Data provided Block Start
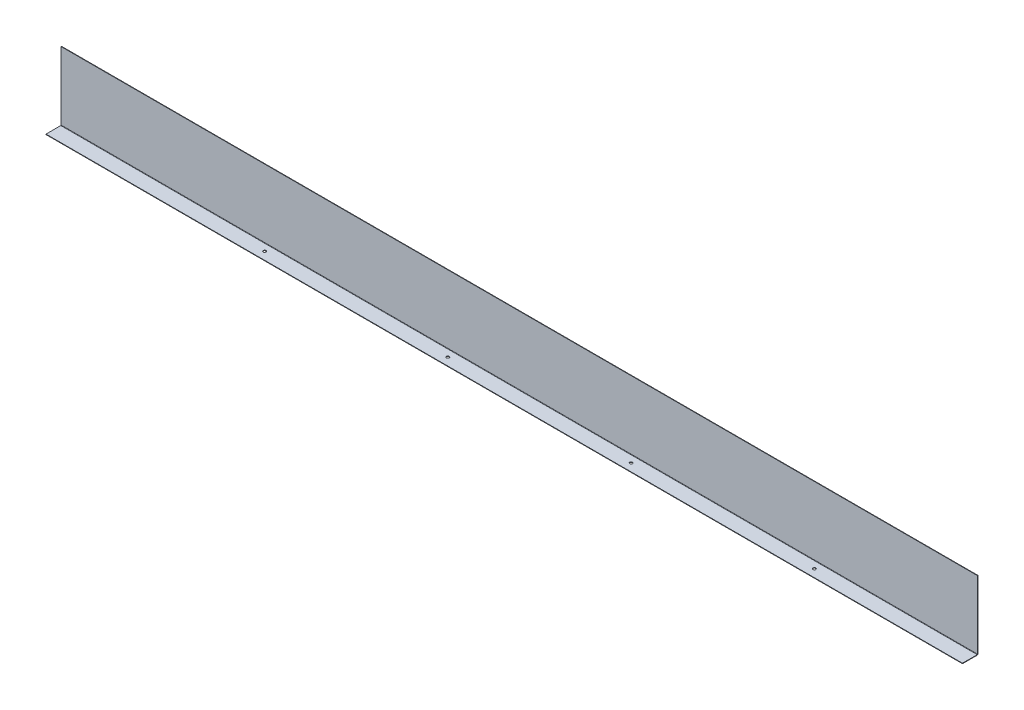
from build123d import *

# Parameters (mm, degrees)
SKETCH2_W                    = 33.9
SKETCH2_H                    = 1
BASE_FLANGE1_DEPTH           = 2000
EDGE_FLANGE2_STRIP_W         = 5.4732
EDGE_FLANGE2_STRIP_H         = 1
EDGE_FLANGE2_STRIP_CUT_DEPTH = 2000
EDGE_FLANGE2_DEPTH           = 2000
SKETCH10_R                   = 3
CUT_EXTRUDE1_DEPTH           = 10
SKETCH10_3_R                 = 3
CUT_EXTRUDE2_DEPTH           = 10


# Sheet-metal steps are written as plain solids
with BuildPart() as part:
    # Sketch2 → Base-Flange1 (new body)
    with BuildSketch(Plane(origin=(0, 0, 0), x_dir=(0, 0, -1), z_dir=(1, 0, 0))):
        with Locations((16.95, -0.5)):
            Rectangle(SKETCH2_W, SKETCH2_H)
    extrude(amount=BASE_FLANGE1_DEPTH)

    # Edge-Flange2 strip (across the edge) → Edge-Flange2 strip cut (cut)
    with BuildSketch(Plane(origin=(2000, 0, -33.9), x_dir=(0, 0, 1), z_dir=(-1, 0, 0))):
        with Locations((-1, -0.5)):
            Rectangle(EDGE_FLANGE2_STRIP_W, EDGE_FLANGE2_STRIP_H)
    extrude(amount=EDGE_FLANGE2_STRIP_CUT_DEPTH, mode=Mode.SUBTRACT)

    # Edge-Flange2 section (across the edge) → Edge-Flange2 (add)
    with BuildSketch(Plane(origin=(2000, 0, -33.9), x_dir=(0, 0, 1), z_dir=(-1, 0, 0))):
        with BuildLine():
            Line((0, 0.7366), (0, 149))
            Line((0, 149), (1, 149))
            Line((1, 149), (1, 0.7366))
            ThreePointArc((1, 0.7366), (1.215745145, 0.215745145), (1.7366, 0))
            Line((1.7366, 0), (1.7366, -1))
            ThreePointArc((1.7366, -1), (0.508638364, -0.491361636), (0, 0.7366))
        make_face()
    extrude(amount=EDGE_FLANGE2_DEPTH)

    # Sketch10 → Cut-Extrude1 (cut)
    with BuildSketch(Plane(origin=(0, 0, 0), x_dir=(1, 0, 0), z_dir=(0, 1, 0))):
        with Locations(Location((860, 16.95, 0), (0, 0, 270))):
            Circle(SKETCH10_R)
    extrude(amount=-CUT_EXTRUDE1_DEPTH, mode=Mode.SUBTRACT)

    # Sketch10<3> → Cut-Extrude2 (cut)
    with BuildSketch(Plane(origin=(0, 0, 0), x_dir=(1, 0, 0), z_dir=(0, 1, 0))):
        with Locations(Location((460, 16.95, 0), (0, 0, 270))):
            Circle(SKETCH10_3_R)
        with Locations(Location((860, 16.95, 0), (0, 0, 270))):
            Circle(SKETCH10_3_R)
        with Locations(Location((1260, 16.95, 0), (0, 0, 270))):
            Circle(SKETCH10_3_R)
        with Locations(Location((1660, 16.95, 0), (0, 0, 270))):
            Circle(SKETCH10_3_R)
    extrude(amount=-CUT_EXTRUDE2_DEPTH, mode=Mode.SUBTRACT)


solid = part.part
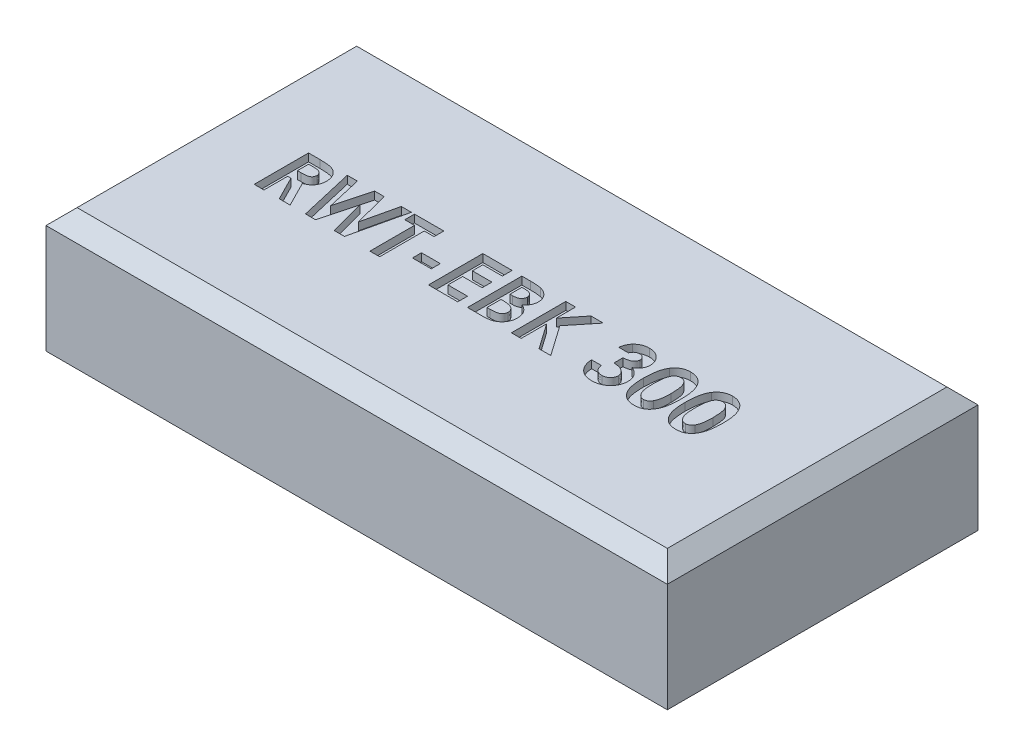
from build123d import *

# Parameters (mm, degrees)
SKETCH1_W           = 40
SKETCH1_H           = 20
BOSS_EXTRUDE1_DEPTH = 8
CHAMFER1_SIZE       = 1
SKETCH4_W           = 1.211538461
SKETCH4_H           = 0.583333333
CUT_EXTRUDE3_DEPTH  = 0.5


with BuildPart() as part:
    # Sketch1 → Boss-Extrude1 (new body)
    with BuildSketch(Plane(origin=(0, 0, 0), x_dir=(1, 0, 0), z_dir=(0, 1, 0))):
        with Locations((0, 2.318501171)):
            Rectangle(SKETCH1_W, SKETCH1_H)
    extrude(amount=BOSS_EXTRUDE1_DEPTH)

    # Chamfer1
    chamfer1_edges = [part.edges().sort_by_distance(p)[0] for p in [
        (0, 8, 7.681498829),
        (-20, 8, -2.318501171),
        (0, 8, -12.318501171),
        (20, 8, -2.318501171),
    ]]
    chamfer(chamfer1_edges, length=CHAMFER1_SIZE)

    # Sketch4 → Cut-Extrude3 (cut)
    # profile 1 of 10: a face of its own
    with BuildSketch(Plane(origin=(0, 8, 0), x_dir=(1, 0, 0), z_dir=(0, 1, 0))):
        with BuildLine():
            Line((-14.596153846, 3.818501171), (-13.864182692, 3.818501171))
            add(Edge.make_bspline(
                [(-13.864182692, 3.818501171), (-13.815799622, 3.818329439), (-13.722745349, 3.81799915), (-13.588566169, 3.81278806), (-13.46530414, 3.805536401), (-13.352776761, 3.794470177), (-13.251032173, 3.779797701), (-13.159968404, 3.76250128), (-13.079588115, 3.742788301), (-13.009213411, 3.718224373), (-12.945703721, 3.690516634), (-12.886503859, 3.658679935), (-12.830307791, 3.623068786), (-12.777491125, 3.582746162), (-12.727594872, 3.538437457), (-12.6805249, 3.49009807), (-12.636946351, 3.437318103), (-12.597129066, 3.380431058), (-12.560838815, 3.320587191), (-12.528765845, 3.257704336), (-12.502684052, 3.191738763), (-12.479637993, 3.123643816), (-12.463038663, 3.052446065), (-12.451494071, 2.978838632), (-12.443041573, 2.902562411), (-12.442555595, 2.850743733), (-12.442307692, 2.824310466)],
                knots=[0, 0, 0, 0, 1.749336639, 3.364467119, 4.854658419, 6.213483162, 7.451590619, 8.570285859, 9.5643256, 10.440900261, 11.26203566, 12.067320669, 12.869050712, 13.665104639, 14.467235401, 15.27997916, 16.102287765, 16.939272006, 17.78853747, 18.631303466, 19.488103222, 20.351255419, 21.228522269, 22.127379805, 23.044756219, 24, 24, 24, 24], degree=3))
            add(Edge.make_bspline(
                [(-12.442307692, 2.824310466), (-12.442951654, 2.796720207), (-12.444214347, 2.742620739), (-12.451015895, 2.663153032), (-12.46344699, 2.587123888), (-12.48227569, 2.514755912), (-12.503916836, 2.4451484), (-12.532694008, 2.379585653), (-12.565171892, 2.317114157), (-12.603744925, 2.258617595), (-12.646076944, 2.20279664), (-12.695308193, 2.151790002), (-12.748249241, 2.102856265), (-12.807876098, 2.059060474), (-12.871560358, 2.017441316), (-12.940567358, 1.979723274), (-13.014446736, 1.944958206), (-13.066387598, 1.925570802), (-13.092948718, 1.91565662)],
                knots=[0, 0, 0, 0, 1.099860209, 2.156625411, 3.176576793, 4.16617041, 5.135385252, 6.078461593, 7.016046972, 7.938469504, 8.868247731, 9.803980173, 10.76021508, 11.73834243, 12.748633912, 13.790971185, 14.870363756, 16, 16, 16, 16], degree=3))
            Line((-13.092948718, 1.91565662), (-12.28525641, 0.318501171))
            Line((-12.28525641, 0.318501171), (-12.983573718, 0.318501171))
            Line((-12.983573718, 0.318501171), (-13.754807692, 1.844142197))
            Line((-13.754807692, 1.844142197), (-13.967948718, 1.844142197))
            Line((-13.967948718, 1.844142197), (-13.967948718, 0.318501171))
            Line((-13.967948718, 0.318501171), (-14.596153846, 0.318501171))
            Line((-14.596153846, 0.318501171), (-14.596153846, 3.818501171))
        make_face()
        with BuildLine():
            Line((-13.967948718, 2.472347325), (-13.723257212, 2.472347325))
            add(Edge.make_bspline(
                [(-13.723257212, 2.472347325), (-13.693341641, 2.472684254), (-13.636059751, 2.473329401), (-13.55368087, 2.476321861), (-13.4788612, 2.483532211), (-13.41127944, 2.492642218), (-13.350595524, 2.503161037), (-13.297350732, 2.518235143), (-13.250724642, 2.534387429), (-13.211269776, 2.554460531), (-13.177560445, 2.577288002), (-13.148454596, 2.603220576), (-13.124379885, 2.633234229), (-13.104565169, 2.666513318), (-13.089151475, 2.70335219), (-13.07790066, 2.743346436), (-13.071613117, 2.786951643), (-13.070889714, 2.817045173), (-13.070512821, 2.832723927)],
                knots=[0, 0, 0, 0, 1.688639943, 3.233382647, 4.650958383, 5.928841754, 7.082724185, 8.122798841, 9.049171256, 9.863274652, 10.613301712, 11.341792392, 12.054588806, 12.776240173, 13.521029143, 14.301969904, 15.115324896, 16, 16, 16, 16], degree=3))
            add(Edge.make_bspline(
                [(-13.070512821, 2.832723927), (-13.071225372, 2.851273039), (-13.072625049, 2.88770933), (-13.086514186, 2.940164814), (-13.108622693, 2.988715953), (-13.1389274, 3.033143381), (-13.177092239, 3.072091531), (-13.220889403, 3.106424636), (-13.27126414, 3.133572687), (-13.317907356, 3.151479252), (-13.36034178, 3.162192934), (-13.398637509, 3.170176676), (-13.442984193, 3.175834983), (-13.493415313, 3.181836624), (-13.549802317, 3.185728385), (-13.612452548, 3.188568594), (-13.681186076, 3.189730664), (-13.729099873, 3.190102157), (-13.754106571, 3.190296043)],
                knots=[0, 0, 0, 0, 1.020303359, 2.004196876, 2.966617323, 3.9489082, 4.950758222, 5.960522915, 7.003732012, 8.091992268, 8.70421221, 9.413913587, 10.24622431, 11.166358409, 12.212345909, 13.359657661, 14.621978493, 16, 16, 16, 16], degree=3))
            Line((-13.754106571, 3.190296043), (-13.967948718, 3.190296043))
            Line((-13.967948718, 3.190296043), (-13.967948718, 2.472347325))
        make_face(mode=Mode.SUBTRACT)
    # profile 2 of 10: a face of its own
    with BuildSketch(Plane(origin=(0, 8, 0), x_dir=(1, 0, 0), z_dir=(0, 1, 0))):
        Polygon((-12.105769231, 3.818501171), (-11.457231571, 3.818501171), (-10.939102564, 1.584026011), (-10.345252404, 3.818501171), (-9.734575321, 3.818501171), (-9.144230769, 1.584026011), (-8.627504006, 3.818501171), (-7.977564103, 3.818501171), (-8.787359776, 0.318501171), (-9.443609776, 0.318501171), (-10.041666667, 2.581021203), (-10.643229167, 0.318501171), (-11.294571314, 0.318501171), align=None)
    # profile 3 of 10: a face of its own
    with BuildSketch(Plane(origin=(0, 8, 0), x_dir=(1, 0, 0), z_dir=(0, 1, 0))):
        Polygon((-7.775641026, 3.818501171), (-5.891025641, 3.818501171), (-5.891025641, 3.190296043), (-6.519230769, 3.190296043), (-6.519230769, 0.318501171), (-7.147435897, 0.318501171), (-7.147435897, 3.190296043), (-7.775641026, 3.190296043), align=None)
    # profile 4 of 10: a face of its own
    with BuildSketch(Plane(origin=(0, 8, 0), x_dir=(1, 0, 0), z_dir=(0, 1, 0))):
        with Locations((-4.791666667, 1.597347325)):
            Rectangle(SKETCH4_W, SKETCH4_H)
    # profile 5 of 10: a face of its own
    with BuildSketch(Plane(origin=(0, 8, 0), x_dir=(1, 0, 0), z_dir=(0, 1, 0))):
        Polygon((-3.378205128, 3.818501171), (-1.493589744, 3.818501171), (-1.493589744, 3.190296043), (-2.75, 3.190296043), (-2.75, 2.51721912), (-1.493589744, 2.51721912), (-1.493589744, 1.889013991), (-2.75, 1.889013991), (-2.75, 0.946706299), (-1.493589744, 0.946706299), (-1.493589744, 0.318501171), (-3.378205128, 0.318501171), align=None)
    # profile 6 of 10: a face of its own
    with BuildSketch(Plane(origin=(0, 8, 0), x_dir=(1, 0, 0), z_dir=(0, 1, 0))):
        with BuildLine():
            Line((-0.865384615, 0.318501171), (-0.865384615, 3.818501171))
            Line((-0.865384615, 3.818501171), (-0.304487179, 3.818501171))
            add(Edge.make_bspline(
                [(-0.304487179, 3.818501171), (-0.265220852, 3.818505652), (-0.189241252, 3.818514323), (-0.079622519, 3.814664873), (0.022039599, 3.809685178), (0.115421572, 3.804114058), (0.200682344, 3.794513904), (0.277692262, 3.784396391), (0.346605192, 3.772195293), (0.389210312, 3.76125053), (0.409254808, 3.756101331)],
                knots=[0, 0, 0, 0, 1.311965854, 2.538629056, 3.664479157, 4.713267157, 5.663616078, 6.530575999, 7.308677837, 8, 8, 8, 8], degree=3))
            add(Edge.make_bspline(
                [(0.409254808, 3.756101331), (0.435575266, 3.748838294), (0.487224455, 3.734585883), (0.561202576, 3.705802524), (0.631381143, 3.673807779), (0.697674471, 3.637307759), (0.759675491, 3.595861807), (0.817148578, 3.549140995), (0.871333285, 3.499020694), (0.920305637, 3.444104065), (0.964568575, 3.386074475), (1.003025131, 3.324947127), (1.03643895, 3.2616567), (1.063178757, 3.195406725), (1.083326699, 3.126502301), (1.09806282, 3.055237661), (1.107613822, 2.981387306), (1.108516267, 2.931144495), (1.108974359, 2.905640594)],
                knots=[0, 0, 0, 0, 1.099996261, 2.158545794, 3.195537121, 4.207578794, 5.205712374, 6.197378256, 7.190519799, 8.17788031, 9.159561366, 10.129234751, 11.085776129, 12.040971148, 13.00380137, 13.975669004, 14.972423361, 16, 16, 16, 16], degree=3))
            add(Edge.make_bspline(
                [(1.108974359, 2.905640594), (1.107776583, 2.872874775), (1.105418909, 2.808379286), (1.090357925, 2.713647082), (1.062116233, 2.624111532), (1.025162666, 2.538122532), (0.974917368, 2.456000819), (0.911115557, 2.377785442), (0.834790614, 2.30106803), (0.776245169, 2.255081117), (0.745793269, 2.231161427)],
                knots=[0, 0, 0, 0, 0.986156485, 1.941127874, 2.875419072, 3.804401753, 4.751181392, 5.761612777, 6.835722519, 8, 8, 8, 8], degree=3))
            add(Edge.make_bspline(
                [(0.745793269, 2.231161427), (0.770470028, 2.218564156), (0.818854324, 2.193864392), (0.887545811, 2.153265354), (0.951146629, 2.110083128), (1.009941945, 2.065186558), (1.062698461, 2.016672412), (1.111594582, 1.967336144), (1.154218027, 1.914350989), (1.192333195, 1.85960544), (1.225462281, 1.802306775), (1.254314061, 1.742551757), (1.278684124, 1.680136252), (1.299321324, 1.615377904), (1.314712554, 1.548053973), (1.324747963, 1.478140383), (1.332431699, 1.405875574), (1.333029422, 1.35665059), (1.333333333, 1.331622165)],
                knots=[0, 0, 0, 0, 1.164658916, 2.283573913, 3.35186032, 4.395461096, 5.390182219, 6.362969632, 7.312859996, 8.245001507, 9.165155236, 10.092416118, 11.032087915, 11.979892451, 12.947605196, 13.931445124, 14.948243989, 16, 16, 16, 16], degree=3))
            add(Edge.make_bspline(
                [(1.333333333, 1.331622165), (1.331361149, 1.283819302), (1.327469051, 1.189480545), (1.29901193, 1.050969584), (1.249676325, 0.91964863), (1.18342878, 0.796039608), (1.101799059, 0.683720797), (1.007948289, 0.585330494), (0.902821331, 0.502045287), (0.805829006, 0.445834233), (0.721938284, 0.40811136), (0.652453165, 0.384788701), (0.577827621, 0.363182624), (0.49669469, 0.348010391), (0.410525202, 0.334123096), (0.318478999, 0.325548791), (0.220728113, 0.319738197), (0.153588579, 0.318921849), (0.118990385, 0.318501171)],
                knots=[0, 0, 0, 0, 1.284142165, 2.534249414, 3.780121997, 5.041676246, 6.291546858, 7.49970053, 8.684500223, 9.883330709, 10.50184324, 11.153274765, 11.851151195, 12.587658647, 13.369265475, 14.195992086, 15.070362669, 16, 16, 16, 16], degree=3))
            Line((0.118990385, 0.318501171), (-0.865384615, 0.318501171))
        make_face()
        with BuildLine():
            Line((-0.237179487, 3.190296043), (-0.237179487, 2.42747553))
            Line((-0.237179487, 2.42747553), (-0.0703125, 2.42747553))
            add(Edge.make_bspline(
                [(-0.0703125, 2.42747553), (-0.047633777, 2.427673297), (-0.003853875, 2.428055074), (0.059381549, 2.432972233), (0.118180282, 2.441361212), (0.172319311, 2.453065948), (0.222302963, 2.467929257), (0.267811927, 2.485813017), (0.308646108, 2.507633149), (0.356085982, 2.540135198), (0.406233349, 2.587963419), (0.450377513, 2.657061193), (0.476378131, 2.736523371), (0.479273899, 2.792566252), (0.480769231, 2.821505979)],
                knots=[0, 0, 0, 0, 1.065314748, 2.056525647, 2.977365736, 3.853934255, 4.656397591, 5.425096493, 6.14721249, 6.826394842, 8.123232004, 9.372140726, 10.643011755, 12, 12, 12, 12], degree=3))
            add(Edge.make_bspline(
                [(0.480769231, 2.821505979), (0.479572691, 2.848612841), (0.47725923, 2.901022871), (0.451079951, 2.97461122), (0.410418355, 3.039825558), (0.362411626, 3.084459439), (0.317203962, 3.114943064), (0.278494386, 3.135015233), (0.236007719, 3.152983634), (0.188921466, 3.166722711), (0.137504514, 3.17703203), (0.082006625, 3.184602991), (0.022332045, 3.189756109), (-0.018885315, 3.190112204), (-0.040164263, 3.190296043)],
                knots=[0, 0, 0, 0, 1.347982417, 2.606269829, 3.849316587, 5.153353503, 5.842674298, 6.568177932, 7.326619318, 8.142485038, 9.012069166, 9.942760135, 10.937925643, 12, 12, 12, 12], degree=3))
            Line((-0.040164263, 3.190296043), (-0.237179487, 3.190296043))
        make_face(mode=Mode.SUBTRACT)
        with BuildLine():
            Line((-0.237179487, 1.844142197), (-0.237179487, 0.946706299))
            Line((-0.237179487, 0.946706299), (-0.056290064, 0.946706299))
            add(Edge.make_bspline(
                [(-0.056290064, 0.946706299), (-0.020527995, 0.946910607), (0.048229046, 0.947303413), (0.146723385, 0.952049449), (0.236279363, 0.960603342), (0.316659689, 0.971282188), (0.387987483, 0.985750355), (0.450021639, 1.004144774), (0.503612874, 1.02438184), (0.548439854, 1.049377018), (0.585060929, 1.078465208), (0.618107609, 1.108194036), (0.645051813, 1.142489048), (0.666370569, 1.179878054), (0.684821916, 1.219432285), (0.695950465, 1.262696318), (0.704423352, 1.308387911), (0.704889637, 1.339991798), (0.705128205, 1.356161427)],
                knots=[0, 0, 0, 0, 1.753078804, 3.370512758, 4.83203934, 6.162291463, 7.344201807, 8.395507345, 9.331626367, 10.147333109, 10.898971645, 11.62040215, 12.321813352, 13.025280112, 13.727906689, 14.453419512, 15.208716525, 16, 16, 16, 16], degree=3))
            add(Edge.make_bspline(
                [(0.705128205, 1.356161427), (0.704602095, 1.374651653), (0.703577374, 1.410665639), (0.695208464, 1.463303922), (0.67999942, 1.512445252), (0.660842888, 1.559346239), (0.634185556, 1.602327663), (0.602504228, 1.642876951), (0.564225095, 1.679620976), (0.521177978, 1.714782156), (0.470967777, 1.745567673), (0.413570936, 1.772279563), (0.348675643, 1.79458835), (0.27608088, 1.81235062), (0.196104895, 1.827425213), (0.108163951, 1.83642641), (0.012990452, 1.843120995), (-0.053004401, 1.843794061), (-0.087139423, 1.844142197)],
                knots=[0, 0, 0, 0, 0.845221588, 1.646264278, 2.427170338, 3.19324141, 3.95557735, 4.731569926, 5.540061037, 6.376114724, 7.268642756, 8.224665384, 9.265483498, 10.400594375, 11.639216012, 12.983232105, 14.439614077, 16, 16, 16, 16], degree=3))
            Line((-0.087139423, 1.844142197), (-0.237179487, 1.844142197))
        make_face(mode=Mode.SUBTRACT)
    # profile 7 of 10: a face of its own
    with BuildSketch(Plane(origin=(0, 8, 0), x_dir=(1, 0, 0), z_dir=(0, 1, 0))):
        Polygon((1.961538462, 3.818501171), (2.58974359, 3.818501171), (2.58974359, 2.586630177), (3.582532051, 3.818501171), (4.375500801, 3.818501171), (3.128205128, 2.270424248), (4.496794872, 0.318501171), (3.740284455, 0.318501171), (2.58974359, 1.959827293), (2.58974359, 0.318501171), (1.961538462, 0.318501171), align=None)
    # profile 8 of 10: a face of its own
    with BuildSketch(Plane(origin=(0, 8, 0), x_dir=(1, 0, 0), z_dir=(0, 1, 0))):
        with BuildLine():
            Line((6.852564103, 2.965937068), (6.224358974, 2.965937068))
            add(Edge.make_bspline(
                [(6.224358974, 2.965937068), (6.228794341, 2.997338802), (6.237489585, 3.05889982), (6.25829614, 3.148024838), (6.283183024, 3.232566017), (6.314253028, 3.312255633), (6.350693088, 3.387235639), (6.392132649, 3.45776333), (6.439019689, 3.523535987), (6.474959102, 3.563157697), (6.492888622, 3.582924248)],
Data provided Block End
## Work to complete
Begin with the first line of the records and repeat every line up to the one with "Rectangle(EDGE_FLANGE2_STRIP_W, EDGE_FLANGE2_STRIP_H)", counting that line too. Pictures are not part of the copy.

## Output
from build123d import *

# Parameters (mm, degrees)
SKETCH2_W                    = 33.9
SKETCH2_H                    = 1
BASE_FLANGE1_DEPTH           = 2000
EDGE_FLANGE2_STRIP_W         = 5.4732
EDGE_FLANGE2_STRIP_H         = 1
EDGE_FLANGE2_STRIP_CUT_DEPTH = 2000
EDGE_FLANGE2_DEPTH           = 2000
SKETCH10_R                   = 3
CUT_EXTRUDE1_DEPTH           = 10
SKETCH10_3_R                 = 3
CUT_EXTRUDE2_DEPTH           = 10


# Sheet-metal steps are written as plain solids
with BuildPart() as part:
    # Sketch2 → Base-Flange1 (new body)
    with BuildSketch(Plane(origin=(0, 0, 0), x_dir=(0, 0, -1), z_dir=(1, 0, 0))):
        with Locations((16.95, -0.5)):
            Rectangle(SKETCH2_W, SKETCH2_H)
    extrude(amount=BASE_FLANGE1_DEPTH)

    # Edge-Flange2 strip (across the edge) → Edge-Flange2 strip cut (cut)
    with BuildSketch(Plane(origin=(2000, 0, -33.9), x_dir=(0, 0, 1), z_dir=(-1, 0, 0))):
        with Locations((-1, -0.5)):
            Rectangle(EDGE_FLANGE2_STRIP_W, EDGE_FLANGE2_STRIP_H)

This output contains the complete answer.